Example 1 - Pharmacodynamics (PD) assays for therapeutic modalities

[00158] Minimal targeted FISSEQ PD knock-down assay of RNA interference (RNAi) and anti-sense modalities can be developed to detect PD of the anti-sense drug of interest in cells or tissue. FIG. 1 A shows an example image of FISSEQ established culture models for brain cell types. Expression levels of the genes targeted directly or indirectly by anti-sense oligonucleotides (ASOs) were detected in the brain cells by FISSEQ. For example, the mRNAs of the target genes were detected. FIG. 1B shows the nuclei of the brain cells shown in FIG. 1 A. The target genes were analyzed based on their sub-cellular localizations (e.g., cytoplasm or nucleus) and variation in expression in expression and generality across different cell types. FIG. 1C shows the genes affected by the ASOs, their sub-cellular localizations and the variations in expression levels.

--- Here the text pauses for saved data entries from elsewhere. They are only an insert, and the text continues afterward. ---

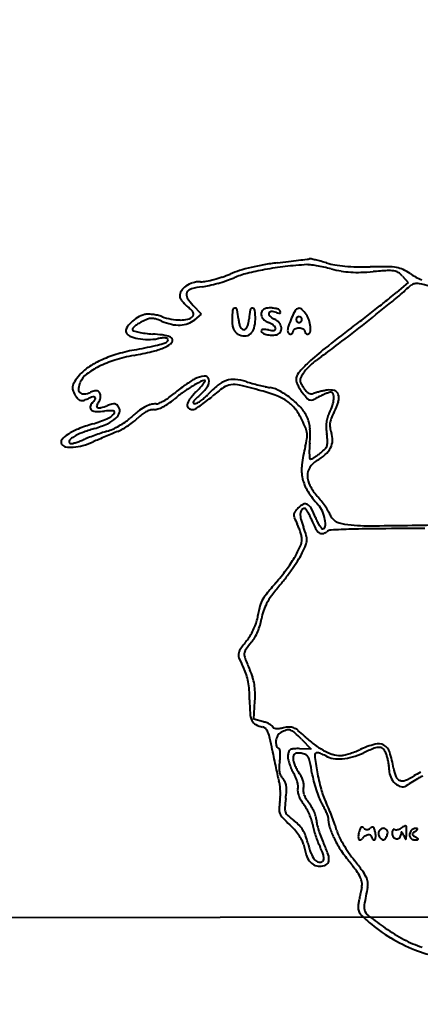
# Model space of a CAD drawing. Header units: millimetres. Extents: x 56222 to 3066687, y -650199 to -121287.
# Drawn here: x 135194.47 to 135203.51, y -182847.35 to -182825.27 of the extents above; entities that cross this region are included whole.
import ezdxf
from ezdxf import colors
from ezdxf.entities.mleader import LeaderData, LeaderLine
from ezdxf.math import Vec2, Vec3

# ---------------------------------------------------------------- set-up
doc = ezdxf.new("R2010")
doc.units = ezdxf.units.MM
doc.header["$MEASUREMENT"] = 0
doc.layers.add('Text', color=7, linetype='Continuous', lineweight=15)
doc.styles.add('style4', font='ARIALN.TTF')

msp = doc.modelspace()

# ---------------------------------------------------------------- linework, layer by layer
for p, q in [((135203.107, -182831.052), (135203.237, -182831.196)), ((135203.237, -182831.196), (135202.974, -182831.423)), ((135198.578, -182831.913), (135198.389, -182831.715)), ((135198.423, -182832.039), (135198.578, -182831.913)), ((135199.759, -182841.049), (135199.781, -182840.648)), ((135199.973, -182841.111), (135199.759, -182841.049)), ((135200.834, -182841.506), (135201.048, -182841.727)), ((135201.048, -182841.727), (135200.797, -182841.719))]:
    msp.add_line(p, q)
for centre, radius, start, end in [((135200.879, -182835.836), 5.115, 100.068, 103.385), ((135200.967, -182836.333), 5.62, 96.977, 100.0681), ((135201.326, -182838.242), 7.453, 96.63, 100.208), ((135081.548, -181860.5), 977.493, 276.976975, 276.992101), ((135201.507, -182839.804), 9.025, 93.5306, 96.6301), ((135127.437, -182234.665), 600.525, 276.992098, 277.01387), ((135080.153, -181850.336), 987.751, 277.013839, 277.025069), ((135200.977, -182831.205), 0.409, 82.3361, 93.5306), ((135200.031, -182823.146), 7.583, 277.025, 277.3823), ((135201.022, -182830.792), 0.127, 78.6067, 97.3823), ((135200.541, -182834.445), 3.679, 80.1088, 82.3361), ((135200.367, -182834.046), 3.446, 76.8847, 78.6067), ((135200.41, -182833.858), 3.253, 74.6946, 76.8847), ((135200.468, -182834.86), 4.1, 77.771, 80.1088), ((135200.049, -182835.18), 4.624, 73.012, 74.6947), ((135201.815, -182829.398), 1.422, 253.0121, 260.6163), ((135202.082, -182827.784), 3.058, 260.6164, 264.9053), ((135202.177, -182826.718), 4.128, 264.9053, 268.6178), ((135202.249, -182823.741), 7.106, 268.6179, 271.0895), ((135202.676, -182846.243), 15.4, 89.6251, 91.0896), ((135202.769, -182832.072), 1.229, 80.3059, 89.6251), ((135198.283, -182828.798), 2.401, 288.5024, 292.9661), ((135200.059, -182832.988), 2.15, 106.9288, 112.9662), ((135200.099, -182832.961), 2.028, 104.0814, 112.8259), ((135200.709, -182835.124), 4.383, 103.385, 106.9288), ((135201.076, -182836.856), 6.044, 100.2079, 104.0814), ((135200.36, -182835.36), 4.611, 75.6305, 77.771), ((135202.172, -182828.286), 2.69, 255.6306, 260.4973), ((135202.079, -182828.842), 2.128, 260.4973, 266.3006), ((135202.102, -182828.485), 2.485, 266.3007, 271.614), ((135202.031, -182825.968), 5.003, 271.614, 274.7617), ((135203.472, -182843.27), 12.359, 93.2684, 94.7617), ((135202.809, -182831.657), 0.727, 81.4914, 93.2684), ((135202.879, -182831.188), 0.253, 57.6294, 81.4915), ((135202.882, -182831.414), 0.561, 64.6134, 80.306), ((135202.775, -182831.352), 0.448, 42.0761, 57.6295), ((135202.609, -182831.988), 1.197, 55.7083, 64.6135), ((135204.008, -182829.936), 1.287, 235.7083, 248.8691), ((135198.44, -182831.585), 0.375, 125.054, 147.8584), ((135198.513, -182831.689), 0.502, 105.655, 125.0541), ((135198.558, -182831.849), 0.668, 89.9999, 105.6551), ((135198.558, -182830.504), 0.677, 270, 280.6896), ((135198.426, -182829.841), 1.462, 276.7544, 282.8286), ((135198.203, -182828.626), 2.589, 280.6896, 284.6334), ((135197.898, -182827.525), 3.837, 282.8287, 285.7844), ((135198.123, -182828.319), 2.905, 284.6334, 288.5024), ((135197.84, -182827.317), 4.054, 285.7843, 288.7072), ((135198.317, -182828.728), 2.564, 288.7071, 292.826), ((135204.45, -182832.738), 1.87, 127.8851, 133.1698), ((135203.419, -182831.414), 0.191, 99.652, 127.8851), ((135203.433, -182831.494), 0.272, 77.8269, 99.652), ((135202.358, -182836.477), 5.371, 75.3315, 77.8269), ((135198.323, -182831.512), 0.237, 147.8584, 180), ((135198.358, -182831.478), 0.121, 153.6967, 211.9178), ((135198.391, -182831.494), 0.158, 105.1947, 153.6967), ((135198.8, -182833), 1.718, 96.7544, 105.1946), ((135199.808, -182827.777), 4.829, 308.6877, 310.9687), ((135199.744, -182827.721), 5.009, 308.8857, 313.1698), ((135198.176, -182831.512), 0.0901, 180, 209.6347), ((135198.577, -182831.284), 0.551, 209.6347, 217.4018), ((135198.689, -182831.198), 0.692, 217.4018, 224.7581), ((135198.787, -182831.101), 0.83, 224.7581, 231.1763), ((135199.165, -182830.975), 1.072, 211.9178, 223.6527), ((135155.745, -182773.165), 75.097, 308.29242, 308.88577), ((135179.409, -182802.304), 37.463, 308.1837, 308.6877), ((135197.432, -182832.484), 0.578, 104.0893, 121.0967), ((135197.367, -182832.226), 0.312, 89.7369, 104.0893), ((135197.364, -182832.866), 0.952, 83.4853, 89.737), ((135197.352, -182832.975), 1.062, 77.4189, 83.4853), ((135197.402, -182832.749), 0.83, 70.1198, 77.4189), ((135197.504, -182832.695), 1.216, 45.9397, 51.1763), ((135198.211, -182831.965), 0.2, 26.0392, 45.9396), ((135198.313, -182831.908), 0.0851, 315.6273, 349.1196), ((135198.323, -182831.91), 0.0747, 349.1196, 26.0392), ((135201.132, -182832.032), 1.865, 173.7231, 180), ((135199.334, -182831.834), 0.0563, 95.6032, 173.723), ((135199.334, -182831.828), 0.0501, 11.1987, 95.6031), ((135197.631, -182832.165), 1.786, 4.7313, 11.1987), ((135201.429, -182832.165), 1.786, 168.8013, 175.2687), ((135199.726, -182831.828), 0.0501, 84.3969, 168.8013), ((135199.725, -182831.834), 0.0563, 6.277, 84.3968), ((135197.927, -182832.032), 1.865, 0, 6.2769), ((135200.055, -182831.918), 0.132, 167.2139, 202.9321), ((135200.074, -182831.923), 0.152, 134.9999, 167.2139), ((135200.061, -182831.909), 0.133, 97.9313, 135), ((135200.124, -182832.365), 0.593, 85.7301, 97.9313), ((135200.157, -182831.911), 0.0619, 163.341, 230.0603), ((135200.148, -182831.908), 0.0526, 88.998, 163.341), ((135200.142, -182832.261), 0.406, 72.3912, 88.998), ((135200.125, -182832.359), 0.586, 73.5345, 85.7302), ((135200.46, -182831.26), 0.645, 252.3912, 257.7249), ((135200.26, -182831.903), 0.111, 31.7175, 73.5344), ((135200.336, -182831.833), 0.0586, 257.7249, 288.7024), ((135200.294, -182831.881), 0.0704, 7.1058, 31.7176), ((135200.35, -182831.874), 0.0145, 288.7024, 7.1057), ((135201.894, -182832.536), 1.393, 149.8983, 157.3236), ((135200.789, -182831.896), 0.116, 104.0017, 149.8984), ((135200.781, -182831.864), 0.0833, 46.4318, 104.0016), ((135200.319, -182832.35), 0.753, 35.0085, 46.4318), ((135200.502, -182832.222), 0.531, 18.9414, 35.0085), ((135176.815, -182799.006), 41.659, 307.6598, 308.1837), ((135197.419, -182832.54), 0.615, 134.6057, 149.5162), ((135197.539, -182832.662), 0.786, 121.0967, 134.6058), ((135197.459, -182832.637), 0.594, 122.1828, 130.4228), ((135197.666, -182832.965), 0.982, 116.5286, 122.1828), ((135197.92, -182833.475), 1.552, 111.1573, 116.5286), ((135197.461, -182832.289), 0.28, 92.0834, 111.1573), ((135197.461, -182832.286), 0.277, 72.8458, 92.0835), ((135197.102, -182833.447), 1.493, 67.3236, 72.8458), ((135198.207, -182830.804), 1.372, 247.3235, 257.0515), ((135198.146, -182830.692), 1.357, 250.1198, 259.274), ((135198.096, -182830.954), 1.09, 259.274, 270.0608), ((135198.067, -182831.413), 0.747, 257.0514, 272.3811), ((135198.097, -182831.238), 0.807, 270.0608, 282.3159), ((135198.074, -182831.582), 0.578, 272.3811, 290.0928), ((135198.224, -182831.821), 0.21, 282.3159, 315.6272), ((135198.092, -182831.632), 0.525, 290.0927, 309.1456), ((135200.468, -182832.032), 1.201, 180, 186.1157), ((135199.615, -182832.123), 0.343, 186.1157, 201.6632), ((135200.482, -182831.929), 1.075, 184.7312, 190.6234), ((135199.723, -182832.071), 0.302, 190.6234, 205.7696), ((135199.336, -182832.071), 0.302, 334.2304, 349.3766), ((135198.577, -182831.929), 1.075, 349.3766, 355.2688), ((135199.104, -182832.032), 0.688, 343.4565, 360), ((135200.108, -182831.896), 0.19, 202.932, 231.6077), ((135200.217, -182831.759), 0.365, 231.6076, 249.1833), ((135199.921, -182832.538), 0.469, 60.711, 69.1833), ((135200.408, -182831.611), 0.453, 230.0602, 245.5046), ((135199.978, -182832.435), 0.351, 50.19, 60.7111), ((135200.042, -182832.359), 0.251, 38.116, 50.1901), ((135200.093, -182832.303), 0.307, 40.0654, 65.5045), ((135200.159, -182832.248), 0.222, 7.5859, 40.0654), ((135203.732, -182833.304), 3.385, 157.3236, 160.5132), ((135200.776, -182832.034), 0.0651, 157.376, 180), ((135200.776, -182832.034), 0.0651, 180, 202.624), ((135200.777, -182832.034), 0.0661, 134.9999, 157.3759), ((135200.777, -182832.034), 0.0661, 202.6241, 225.0001), ((135200.777, -182832.034), 0.0661, 112.6241, 135.0001), ((135200.777, -182832.034), 0.0661, 224.9999, 247.3759), ((135200.776, -182832.034), 0.0651, 90, 112.624), ((135200.776, -182832.035), 0.0651, 247.376, 270), ((135200.776, -182832.034), 0.0651, 67.376, 90), ((135200.776, -182832.035), 0.0651, 270, 292.624), ((135200.776, -182832.034), 0.0661, 44.9999, 67.3759), ((135200.776, -182832.034), 0.0661, 292.6241, 315.0001), ((135200.776, -182832.034), 0.0661, 22.6241, 45.0001), ((135200.776, -182832.034), 0.0661, 314.9999, 337.3759), ((135200.777, -182832.034), 0.0651, 360, 22.624), ((135200.777, -182832.034), 0.0651, 337.376, 0), ((135200.414, -182832.252), 0.623, 4.6957, 18.9414), ((135161.727, -182780.741), 65.444, 307.60855, 308.29243), ((135175.466, -182797.258), 43.868, 307.1558, 307.6598), ((135196.988, -182832.287), 0.115, 149.5161, 200.9936), ((135197.014, -182832.277), 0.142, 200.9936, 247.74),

[00159] Minimal targeted FISSEQ PD knock-down assay can be developed to screen physical-chemical and receptor-mediated delivery mechanisms of RNAi and anti-sense modalities. FIG. 2A shows an example image of using minimal targeted FISSEQ knock down assay to screen physical-chemical and receptor-mediated delivery mechanisms of RNAi and anti-sense modalities in intracerebroventricular (ICV) tissue model. The mRNA levels of a target gene in two different regions, cornu ammonis (CA) region and dentate gyrus (DG) region, were measured. FIG. 2B shows an example experimental data showing target mRNA level in response to therapeutic RNA dose in two different regions.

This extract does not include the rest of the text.